DATA EXCERPTS below:
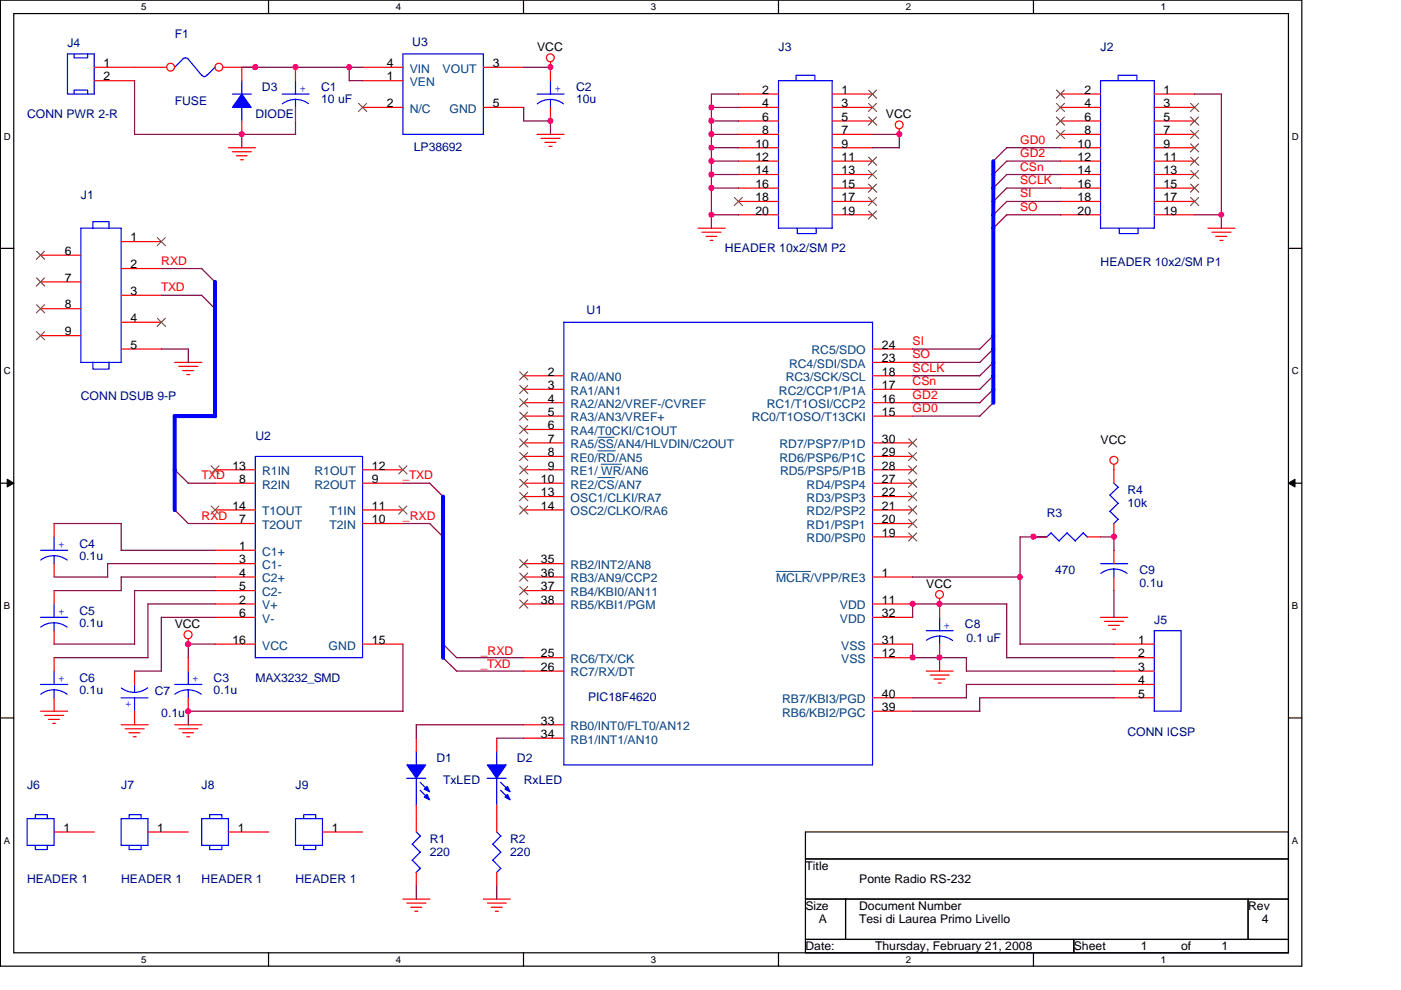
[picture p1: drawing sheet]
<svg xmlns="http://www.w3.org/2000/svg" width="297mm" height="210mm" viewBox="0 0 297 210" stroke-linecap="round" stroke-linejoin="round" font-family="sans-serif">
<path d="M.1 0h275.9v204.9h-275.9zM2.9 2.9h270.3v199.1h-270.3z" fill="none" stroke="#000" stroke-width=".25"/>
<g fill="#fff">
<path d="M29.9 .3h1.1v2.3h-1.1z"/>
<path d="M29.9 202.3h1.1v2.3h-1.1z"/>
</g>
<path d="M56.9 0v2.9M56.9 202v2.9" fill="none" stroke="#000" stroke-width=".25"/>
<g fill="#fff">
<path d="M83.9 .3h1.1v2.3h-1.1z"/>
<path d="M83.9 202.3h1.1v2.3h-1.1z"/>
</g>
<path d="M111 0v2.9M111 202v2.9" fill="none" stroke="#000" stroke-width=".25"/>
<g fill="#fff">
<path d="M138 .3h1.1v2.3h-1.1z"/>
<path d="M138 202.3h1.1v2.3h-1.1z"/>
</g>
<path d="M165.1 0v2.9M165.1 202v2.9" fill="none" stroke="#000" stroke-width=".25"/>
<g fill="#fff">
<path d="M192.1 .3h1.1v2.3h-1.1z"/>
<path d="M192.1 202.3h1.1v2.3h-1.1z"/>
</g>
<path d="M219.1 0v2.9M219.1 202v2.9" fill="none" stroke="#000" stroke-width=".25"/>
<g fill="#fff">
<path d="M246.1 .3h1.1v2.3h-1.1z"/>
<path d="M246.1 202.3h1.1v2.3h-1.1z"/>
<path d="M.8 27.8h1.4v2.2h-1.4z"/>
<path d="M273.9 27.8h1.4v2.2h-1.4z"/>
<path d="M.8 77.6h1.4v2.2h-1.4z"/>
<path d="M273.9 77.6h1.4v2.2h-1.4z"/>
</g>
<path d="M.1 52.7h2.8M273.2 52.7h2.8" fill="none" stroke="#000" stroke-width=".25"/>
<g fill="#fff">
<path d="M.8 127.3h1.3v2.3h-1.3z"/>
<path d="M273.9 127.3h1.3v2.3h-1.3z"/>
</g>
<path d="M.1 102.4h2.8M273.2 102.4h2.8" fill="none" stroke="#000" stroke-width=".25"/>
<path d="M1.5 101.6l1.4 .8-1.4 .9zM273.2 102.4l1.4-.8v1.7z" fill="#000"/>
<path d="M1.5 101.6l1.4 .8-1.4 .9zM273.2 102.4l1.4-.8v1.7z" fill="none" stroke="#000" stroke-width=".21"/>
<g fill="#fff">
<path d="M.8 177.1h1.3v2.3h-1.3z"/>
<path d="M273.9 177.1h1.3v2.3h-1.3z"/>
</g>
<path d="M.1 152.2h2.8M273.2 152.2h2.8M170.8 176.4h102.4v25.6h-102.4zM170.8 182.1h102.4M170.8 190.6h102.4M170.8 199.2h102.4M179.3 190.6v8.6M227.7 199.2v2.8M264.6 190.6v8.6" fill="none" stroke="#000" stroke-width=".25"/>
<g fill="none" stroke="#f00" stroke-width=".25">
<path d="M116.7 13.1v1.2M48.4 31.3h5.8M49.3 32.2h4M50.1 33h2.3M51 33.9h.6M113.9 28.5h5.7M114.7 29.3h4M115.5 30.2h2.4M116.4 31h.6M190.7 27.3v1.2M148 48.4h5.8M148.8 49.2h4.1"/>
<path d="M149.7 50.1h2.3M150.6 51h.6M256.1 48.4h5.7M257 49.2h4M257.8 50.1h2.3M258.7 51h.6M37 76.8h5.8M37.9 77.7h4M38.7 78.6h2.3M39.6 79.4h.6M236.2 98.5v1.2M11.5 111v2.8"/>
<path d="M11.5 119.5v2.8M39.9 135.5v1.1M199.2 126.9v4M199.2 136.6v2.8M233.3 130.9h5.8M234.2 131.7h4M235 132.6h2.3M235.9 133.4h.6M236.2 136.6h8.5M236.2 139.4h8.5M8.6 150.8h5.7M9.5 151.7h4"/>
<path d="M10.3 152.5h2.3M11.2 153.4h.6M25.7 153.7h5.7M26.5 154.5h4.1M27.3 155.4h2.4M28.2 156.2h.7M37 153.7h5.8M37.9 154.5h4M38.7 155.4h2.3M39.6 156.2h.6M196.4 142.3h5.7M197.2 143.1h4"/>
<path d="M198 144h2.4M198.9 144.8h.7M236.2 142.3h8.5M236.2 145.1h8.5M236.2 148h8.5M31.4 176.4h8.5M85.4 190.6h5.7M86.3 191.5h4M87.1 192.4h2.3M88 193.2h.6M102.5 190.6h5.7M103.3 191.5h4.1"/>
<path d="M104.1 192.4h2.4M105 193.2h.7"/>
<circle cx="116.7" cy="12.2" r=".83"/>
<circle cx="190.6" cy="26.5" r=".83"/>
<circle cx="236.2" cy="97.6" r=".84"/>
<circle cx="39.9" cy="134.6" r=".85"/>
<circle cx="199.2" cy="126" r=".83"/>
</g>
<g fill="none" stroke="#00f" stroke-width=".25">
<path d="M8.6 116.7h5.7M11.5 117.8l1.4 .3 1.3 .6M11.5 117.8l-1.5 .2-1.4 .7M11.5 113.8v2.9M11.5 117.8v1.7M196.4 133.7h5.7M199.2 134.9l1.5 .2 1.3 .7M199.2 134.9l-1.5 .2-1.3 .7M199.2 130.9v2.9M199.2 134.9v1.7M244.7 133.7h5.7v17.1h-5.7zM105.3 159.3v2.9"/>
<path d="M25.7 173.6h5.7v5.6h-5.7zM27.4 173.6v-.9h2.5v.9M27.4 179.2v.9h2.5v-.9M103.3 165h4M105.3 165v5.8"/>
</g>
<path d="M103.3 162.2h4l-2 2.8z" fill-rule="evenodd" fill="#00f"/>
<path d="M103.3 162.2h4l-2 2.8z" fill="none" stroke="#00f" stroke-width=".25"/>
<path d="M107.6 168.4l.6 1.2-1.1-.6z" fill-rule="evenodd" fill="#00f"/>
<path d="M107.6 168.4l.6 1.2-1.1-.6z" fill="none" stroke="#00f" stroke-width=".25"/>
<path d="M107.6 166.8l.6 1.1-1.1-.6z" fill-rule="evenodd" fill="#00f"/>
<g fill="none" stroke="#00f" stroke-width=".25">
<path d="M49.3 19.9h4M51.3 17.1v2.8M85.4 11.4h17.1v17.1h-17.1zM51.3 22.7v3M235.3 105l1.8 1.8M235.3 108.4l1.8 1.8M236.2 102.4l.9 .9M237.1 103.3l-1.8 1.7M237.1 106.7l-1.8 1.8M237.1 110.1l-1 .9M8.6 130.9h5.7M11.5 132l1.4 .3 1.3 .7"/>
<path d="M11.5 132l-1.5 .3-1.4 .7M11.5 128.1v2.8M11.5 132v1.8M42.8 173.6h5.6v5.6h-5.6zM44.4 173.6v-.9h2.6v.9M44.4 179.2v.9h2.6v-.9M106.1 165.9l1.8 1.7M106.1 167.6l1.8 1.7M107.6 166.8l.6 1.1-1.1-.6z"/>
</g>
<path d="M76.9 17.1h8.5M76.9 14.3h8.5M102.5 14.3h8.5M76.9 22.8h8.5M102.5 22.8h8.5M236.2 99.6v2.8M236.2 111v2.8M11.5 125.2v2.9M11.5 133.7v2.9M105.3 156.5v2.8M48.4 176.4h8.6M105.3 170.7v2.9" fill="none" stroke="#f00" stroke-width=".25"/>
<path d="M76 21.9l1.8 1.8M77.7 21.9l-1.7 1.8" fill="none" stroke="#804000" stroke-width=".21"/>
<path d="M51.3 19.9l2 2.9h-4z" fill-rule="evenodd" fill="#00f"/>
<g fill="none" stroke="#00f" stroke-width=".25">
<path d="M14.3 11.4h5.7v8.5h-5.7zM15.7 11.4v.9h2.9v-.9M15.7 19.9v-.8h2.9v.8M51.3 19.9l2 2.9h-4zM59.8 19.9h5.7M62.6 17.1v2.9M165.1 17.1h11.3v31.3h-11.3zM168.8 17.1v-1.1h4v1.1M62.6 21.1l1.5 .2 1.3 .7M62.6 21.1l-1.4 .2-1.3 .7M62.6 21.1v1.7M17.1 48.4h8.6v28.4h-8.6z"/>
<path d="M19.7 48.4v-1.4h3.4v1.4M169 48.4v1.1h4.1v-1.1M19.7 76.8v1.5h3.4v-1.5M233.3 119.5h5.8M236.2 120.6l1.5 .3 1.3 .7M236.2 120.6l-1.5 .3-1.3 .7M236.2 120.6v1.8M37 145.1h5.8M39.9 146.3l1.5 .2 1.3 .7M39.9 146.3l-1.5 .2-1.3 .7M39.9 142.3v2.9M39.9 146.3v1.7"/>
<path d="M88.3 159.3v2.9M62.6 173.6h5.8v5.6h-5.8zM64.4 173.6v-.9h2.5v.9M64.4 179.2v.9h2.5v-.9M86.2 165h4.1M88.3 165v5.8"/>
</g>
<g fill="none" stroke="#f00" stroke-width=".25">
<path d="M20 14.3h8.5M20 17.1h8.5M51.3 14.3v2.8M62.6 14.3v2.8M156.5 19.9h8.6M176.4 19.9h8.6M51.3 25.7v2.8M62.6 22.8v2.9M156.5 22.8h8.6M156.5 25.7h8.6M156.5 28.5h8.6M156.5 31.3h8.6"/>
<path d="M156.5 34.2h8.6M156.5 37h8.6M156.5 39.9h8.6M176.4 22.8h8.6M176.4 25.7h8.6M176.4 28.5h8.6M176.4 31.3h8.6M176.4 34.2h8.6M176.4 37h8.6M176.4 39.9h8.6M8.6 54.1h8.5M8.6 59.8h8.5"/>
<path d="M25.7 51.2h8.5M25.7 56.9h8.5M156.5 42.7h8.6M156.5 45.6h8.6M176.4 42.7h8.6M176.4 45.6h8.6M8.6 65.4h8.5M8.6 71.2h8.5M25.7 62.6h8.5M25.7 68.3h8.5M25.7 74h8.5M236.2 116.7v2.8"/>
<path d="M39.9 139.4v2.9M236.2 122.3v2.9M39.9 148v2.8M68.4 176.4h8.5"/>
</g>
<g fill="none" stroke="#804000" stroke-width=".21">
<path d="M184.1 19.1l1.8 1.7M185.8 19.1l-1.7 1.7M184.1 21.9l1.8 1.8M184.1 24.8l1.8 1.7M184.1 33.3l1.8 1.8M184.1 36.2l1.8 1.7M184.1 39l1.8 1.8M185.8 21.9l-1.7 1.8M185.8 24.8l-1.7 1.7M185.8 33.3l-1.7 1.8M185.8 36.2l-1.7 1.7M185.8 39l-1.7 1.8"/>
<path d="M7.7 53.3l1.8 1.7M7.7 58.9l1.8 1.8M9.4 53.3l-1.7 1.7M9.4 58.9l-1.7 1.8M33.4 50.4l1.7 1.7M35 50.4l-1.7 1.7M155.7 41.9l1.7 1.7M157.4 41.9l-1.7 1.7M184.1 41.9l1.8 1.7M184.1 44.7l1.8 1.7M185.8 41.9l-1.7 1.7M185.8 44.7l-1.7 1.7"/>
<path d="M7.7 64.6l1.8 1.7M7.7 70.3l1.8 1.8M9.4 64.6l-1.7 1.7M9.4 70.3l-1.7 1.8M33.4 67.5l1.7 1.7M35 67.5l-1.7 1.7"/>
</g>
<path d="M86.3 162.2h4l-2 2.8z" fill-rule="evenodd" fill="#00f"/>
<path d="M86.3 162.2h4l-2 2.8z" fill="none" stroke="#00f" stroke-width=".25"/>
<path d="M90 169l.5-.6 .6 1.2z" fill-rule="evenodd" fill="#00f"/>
End of DATA EXCERPTS.
_TASK TO CARRY OUT_
Return, in full, every line of these entries that holds "rule".

_WRITTEN ANSWER_
<path d="M103.3 162.2h4l-2 2.8z" fill-rule="evenodd" fill="#00f"/>
<path d="M107.6 168.4l.6 1.2-1.1-.6z" fill-rule="evenodd" fill="#00f"/>
<path d="M107.6 166.8l.6 1.1-1.1-.6z" fill-rule="evenodd" fill="#00f"/>
<path d="M51.3 19.9l2 2.9h-4z" fill-rule="evenodd" fill="#00f"/>
<path d="M86.3 162.2h4l-2 2.8z" fill-rule="evenodd" fill="#00f"/>
<path d="M90 169l.5-.6 .6 1.2z" fill-rule="evenodd" fill="#00f"/>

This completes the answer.